# Creamed Cinnamon Honey pricing input



## J&J (Sep 6, 2008)

Hi all,

Made up some creamed cinnmon honey, it is packed in plastic containers at 11oz net wt each. Looking for input on pricing, currently selling honey 10.00 per lb in glass bottles...thanks for any input...Jack


----------



## The Honey Householder (Nov 14, 2008)

We retail all our creamed flavored honey in a 12 oz hex jar for $7, but we only sell for $8 a lb.


----------



## J&J (Sep 6, 2008)

Thanks, been too busy doing bee's with little honey to market, first year we are starting to push some honey out for sale...Jack


----------



## Harley Craig (Sep 18, 2012)

Ok so how does one go about making creamed honey every video I've watched suggests mixing one pound of creamed honey purchased from the store to 10 lbs of raw honey , but how do they get the creamed honey at the store to begin with how would you do this with only using honey your bees produced ?


----------



## sc-bee (May 10, 2005)

First let me say I have never made any but considered.
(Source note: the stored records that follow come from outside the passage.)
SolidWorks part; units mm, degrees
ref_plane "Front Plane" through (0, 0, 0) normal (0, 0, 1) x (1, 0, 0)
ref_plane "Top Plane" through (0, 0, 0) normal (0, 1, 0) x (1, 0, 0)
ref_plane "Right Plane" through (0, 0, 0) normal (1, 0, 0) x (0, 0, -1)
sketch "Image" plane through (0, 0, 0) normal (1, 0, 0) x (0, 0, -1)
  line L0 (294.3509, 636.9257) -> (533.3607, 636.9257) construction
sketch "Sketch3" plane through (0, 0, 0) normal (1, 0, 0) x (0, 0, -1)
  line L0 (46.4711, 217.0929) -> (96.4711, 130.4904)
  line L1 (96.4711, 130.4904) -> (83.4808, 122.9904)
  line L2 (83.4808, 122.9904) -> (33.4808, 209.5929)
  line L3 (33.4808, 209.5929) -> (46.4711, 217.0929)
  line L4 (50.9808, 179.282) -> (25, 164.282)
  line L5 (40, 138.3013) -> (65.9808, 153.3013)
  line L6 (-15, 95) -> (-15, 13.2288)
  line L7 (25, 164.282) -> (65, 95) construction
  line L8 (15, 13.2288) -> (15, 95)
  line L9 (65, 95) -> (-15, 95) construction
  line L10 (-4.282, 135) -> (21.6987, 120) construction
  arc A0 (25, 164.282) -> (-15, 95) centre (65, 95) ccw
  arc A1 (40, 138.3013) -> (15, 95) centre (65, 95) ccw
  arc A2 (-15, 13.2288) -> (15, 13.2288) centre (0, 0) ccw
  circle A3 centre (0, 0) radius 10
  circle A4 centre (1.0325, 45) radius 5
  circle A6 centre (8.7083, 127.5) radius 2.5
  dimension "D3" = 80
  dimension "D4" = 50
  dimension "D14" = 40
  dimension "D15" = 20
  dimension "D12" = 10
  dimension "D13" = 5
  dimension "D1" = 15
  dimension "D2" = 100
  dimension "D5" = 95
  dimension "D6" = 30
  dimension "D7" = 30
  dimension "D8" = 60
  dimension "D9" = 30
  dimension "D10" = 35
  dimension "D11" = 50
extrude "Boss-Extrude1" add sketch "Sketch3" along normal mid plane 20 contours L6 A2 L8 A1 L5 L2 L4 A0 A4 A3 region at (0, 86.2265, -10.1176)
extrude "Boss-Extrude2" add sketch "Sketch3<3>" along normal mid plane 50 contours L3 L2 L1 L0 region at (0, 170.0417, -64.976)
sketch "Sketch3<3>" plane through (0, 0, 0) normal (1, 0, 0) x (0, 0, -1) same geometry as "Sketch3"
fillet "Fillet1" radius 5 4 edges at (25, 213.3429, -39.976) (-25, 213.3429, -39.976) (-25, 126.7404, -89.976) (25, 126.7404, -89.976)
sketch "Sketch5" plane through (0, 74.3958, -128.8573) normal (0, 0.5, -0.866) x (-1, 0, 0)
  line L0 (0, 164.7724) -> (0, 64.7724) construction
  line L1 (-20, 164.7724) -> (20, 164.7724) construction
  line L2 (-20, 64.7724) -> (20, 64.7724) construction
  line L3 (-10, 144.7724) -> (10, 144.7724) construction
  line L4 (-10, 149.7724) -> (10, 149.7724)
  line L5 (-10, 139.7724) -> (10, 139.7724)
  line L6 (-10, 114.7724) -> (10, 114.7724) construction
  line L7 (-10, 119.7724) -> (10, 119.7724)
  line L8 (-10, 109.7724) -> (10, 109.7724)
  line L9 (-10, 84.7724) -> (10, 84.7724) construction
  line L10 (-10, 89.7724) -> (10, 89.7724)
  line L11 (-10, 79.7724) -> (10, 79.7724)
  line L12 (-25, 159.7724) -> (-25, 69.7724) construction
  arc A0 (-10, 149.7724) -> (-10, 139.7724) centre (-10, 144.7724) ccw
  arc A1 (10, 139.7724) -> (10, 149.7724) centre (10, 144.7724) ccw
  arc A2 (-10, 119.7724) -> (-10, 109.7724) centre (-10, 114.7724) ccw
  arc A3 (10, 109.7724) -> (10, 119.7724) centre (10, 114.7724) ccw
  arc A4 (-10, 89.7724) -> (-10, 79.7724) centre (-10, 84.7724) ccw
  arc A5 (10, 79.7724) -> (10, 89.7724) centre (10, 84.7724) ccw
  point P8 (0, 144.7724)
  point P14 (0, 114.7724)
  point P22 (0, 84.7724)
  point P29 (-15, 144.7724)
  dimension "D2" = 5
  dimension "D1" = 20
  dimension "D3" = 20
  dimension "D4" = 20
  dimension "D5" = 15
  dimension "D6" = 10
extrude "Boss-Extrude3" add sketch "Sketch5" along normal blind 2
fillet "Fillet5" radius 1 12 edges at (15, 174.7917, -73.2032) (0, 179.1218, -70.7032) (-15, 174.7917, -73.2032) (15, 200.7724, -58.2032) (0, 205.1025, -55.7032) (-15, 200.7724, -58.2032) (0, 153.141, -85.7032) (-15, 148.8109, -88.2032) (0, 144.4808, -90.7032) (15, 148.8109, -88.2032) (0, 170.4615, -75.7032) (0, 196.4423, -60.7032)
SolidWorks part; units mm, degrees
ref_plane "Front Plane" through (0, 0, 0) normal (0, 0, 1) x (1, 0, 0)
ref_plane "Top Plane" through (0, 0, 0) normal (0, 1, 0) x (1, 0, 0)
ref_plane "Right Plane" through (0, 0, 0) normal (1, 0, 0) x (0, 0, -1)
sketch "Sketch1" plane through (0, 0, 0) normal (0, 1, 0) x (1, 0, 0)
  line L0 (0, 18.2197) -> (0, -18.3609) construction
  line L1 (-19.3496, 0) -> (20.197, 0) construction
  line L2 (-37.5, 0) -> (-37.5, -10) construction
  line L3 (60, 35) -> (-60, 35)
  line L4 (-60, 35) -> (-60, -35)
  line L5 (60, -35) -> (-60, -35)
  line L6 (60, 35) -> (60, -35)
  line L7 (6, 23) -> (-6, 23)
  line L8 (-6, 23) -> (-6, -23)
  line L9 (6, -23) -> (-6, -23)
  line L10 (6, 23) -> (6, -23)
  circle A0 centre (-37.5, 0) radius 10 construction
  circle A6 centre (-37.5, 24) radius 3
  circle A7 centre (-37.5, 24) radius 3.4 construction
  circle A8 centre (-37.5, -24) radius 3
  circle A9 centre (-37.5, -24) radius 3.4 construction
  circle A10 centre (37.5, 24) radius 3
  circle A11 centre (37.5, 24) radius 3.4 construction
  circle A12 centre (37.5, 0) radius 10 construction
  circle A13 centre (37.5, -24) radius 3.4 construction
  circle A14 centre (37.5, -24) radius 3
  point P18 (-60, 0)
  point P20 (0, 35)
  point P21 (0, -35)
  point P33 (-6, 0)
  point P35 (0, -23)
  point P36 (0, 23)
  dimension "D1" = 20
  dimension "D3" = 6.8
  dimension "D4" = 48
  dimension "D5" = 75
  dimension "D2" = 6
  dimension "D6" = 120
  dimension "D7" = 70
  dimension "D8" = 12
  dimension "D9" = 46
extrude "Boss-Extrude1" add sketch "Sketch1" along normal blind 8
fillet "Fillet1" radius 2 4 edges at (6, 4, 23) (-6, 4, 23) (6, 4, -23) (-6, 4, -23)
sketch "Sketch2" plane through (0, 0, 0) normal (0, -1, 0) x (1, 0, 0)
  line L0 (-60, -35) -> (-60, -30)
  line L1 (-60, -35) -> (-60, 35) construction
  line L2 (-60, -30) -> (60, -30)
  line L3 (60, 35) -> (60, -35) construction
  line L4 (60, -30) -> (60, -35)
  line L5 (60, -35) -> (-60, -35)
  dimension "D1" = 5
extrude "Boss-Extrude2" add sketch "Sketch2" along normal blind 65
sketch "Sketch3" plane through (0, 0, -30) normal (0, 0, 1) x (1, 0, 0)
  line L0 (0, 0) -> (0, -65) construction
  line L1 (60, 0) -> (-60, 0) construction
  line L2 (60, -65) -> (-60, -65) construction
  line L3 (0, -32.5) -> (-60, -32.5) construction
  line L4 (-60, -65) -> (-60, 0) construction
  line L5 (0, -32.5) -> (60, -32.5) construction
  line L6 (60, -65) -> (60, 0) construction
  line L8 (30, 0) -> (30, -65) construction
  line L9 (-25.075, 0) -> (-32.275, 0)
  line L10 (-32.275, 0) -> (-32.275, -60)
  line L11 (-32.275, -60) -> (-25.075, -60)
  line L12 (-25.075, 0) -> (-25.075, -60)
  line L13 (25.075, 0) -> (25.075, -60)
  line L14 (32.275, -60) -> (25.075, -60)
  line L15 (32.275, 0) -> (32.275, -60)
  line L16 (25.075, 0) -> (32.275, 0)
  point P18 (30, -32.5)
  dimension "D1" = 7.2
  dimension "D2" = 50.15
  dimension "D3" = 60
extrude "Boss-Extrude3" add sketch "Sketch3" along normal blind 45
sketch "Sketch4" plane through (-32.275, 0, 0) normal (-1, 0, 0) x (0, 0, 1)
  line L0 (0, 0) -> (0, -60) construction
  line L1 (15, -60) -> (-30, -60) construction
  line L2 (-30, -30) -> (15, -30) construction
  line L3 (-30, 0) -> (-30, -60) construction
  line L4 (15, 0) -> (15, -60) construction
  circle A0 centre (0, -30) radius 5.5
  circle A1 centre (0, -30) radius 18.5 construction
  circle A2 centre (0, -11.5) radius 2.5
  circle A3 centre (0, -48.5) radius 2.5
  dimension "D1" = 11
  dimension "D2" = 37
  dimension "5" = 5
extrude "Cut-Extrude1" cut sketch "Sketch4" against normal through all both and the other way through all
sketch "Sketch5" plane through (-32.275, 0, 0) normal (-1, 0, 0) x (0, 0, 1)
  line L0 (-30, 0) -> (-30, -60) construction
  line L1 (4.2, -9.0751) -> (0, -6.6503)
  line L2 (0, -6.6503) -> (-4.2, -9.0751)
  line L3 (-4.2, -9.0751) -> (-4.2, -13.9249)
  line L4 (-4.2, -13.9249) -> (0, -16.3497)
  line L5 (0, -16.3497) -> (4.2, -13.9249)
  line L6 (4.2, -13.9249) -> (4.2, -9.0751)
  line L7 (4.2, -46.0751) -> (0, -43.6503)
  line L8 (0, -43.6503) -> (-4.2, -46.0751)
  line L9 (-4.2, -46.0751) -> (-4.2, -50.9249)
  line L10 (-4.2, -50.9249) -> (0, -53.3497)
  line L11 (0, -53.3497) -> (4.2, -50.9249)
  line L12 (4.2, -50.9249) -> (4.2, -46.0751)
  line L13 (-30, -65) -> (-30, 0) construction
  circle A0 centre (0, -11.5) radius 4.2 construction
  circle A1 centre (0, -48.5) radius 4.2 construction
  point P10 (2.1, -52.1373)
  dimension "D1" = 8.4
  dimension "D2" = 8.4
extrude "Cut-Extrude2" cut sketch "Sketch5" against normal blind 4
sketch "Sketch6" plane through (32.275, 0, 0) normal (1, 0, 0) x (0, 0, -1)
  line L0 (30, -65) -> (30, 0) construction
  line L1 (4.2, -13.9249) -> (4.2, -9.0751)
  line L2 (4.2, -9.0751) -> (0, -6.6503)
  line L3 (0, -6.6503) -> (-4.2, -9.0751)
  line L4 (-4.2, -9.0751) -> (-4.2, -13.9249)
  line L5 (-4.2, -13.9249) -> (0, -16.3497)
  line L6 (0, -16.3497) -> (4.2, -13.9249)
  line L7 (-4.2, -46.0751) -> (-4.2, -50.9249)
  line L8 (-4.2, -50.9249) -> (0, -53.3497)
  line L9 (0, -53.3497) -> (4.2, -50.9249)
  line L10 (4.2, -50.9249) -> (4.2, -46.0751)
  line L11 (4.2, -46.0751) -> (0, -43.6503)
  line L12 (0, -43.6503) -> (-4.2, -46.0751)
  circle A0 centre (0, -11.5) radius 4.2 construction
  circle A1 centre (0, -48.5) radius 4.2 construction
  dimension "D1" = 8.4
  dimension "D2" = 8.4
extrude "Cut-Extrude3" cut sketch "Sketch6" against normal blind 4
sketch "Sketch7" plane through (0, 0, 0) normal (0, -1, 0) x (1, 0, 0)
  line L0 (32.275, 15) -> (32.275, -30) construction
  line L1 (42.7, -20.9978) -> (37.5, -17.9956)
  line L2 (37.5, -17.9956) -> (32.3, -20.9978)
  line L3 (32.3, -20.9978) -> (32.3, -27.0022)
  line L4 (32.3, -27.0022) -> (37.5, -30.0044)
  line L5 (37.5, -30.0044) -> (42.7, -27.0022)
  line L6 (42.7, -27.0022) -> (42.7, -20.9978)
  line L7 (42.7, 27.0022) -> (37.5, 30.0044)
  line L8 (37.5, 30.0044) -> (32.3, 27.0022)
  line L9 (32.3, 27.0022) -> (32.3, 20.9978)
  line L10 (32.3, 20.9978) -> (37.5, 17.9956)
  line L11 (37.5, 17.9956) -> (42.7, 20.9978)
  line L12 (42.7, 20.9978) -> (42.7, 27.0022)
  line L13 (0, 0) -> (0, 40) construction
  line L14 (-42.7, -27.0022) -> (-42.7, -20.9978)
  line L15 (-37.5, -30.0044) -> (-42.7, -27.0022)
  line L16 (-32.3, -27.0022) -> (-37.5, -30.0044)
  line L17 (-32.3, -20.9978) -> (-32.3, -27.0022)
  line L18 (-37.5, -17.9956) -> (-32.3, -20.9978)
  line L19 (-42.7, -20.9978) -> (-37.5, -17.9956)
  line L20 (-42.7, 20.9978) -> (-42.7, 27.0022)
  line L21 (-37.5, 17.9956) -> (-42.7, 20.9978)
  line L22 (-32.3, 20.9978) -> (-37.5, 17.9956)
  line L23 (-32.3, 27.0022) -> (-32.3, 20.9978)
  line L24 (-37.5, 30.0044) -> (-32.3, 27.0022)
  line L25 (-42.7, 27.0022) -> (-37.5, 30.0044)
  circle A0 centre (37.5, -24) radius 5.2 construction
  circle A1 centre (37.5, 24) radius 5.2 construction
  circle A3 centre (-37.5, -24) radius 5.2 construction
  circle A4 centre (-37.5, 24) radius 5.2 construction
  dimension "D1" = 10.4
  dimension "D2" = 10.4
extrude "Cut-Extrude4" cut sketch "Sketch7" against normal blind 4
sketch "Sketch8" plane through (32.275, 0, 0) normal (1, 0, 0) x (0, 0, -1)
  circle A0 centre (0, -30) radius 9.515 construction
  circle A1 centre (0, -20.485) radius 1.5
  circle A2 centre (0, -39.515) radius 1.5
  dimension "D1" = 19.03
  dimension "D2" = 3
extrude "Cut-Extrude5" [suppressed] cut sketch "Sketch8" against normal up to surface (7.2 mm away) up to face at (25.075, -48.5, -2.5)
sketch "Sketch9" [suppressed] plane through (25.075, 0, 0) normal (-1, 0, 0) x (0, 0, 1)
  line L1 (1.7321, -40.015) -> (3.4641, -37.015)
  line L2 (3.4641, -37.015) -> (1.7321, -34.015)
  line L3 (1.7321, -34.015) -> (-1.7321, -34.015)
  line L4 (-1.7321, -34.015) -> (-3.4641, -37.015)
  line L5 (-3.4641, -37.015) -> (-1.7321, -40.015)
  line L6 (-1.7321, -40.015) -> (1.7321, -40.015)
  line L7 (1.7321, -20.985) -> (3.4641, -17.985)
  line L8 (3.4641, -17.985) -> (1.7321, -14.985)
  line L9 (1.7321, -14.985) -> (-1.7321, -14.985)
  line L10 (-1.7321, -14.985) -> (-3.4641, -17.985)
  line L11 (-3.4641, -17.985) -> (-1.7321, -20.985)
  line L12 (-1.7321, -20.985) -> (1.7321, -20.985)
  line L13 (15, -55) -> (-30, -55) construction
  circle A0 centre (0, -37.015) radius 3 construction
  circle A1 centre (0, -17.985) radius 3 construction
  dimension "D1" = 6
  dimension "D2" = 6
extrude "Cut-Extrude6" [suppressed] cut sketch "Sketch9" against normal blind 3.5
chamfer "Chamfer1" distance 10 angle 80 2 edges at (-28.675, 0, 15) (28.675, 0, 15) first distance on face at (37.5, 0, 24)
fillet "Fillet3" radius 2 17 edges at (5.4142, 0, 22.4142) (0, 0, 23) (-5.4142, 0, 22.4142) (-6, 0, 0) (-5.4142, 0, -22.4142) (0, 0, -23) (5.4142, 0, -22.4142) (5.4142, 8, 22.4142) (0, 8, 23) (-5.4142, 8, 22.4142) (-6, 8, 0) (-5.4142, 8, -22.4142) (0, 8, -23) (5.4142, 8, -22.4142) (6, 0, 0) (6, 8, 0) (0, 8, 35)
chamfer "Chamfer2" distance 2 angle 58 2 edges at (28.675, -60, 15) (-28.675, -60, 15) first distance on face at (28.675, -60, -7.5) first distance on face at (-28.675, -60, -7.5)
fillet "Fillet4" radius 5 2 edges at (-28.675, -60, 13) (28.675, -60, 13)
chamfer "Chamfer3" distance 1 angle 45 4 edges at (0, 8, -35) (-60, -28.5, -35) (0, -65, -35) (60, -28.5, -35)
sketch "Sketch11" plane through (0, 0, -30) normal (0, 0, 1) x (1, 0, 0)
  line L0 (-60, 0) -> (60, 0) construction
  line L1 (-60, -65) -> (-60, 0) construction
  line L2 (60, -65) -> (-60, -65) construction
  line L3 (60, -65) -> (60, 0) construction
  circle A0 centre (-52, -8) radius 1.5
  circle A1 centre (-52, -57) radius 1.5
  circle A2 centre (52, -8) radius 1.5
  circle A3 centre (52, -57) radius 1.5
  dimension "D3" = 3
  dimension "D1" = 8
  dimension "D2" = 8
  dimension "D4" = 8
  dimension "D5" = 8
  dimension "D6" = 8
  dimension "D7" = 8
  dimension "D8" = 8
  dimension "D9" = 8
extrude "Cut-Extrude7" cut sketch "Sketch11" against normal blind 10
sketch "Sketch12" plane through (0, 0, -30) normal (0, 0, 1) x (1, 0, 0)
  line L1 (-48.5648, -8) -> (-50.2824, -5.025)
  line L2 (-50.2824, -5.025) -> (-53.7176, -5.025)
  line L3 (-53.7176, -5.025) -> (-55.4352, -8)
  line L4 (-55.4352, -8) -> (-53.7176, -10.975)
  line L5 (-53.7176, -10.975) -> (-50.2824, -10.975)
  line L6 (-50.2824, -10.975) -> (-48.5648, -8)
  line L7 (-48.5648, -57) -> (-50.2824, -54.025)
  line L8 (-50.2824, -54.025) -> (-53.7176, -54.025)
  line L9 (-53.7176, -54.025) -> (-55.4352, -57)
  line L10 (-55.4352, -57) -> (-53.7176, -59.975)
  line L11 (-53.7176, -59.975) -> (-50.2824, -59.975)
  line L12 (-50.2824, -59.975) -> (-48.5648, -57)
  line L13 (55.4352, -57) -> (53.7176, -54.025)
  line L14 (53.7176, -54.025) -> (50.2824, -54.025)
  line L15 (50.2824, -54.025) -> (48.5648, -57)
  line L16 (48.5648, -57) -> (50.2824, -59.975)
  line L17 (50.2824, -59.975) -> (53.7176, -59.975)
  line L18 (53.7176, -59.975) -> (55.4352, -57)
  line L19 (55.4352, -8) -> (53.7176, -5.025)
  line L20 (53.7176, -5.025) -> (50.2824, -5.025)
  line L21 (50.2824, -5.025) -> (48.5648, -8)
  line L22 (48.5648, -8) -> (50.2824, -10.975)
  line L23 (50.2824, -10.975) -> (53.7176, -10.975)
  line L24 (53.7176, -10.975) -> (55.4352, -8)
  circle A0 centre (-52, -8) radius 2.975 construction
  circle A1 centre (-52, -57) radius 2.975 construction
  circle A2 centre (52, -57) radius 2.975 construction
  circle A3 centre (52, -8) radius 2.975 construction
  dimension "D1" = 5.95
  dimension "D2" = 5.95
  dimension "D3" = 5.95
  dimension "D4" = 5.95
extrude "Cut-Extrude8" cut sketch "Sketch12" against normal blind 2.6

A lot of folks make products by spinning or whipping that are actually not creamed honey. Adding the store bought creamed honey above you listed is the seeding part of the method to help acheive the right cryatal size. Later you can use your own creamed honey as seed.

Here is a link to the dyce method: may be easier methods out there.

http://www.masterbeekeeper.org/dyce/creamhoney.htm


----------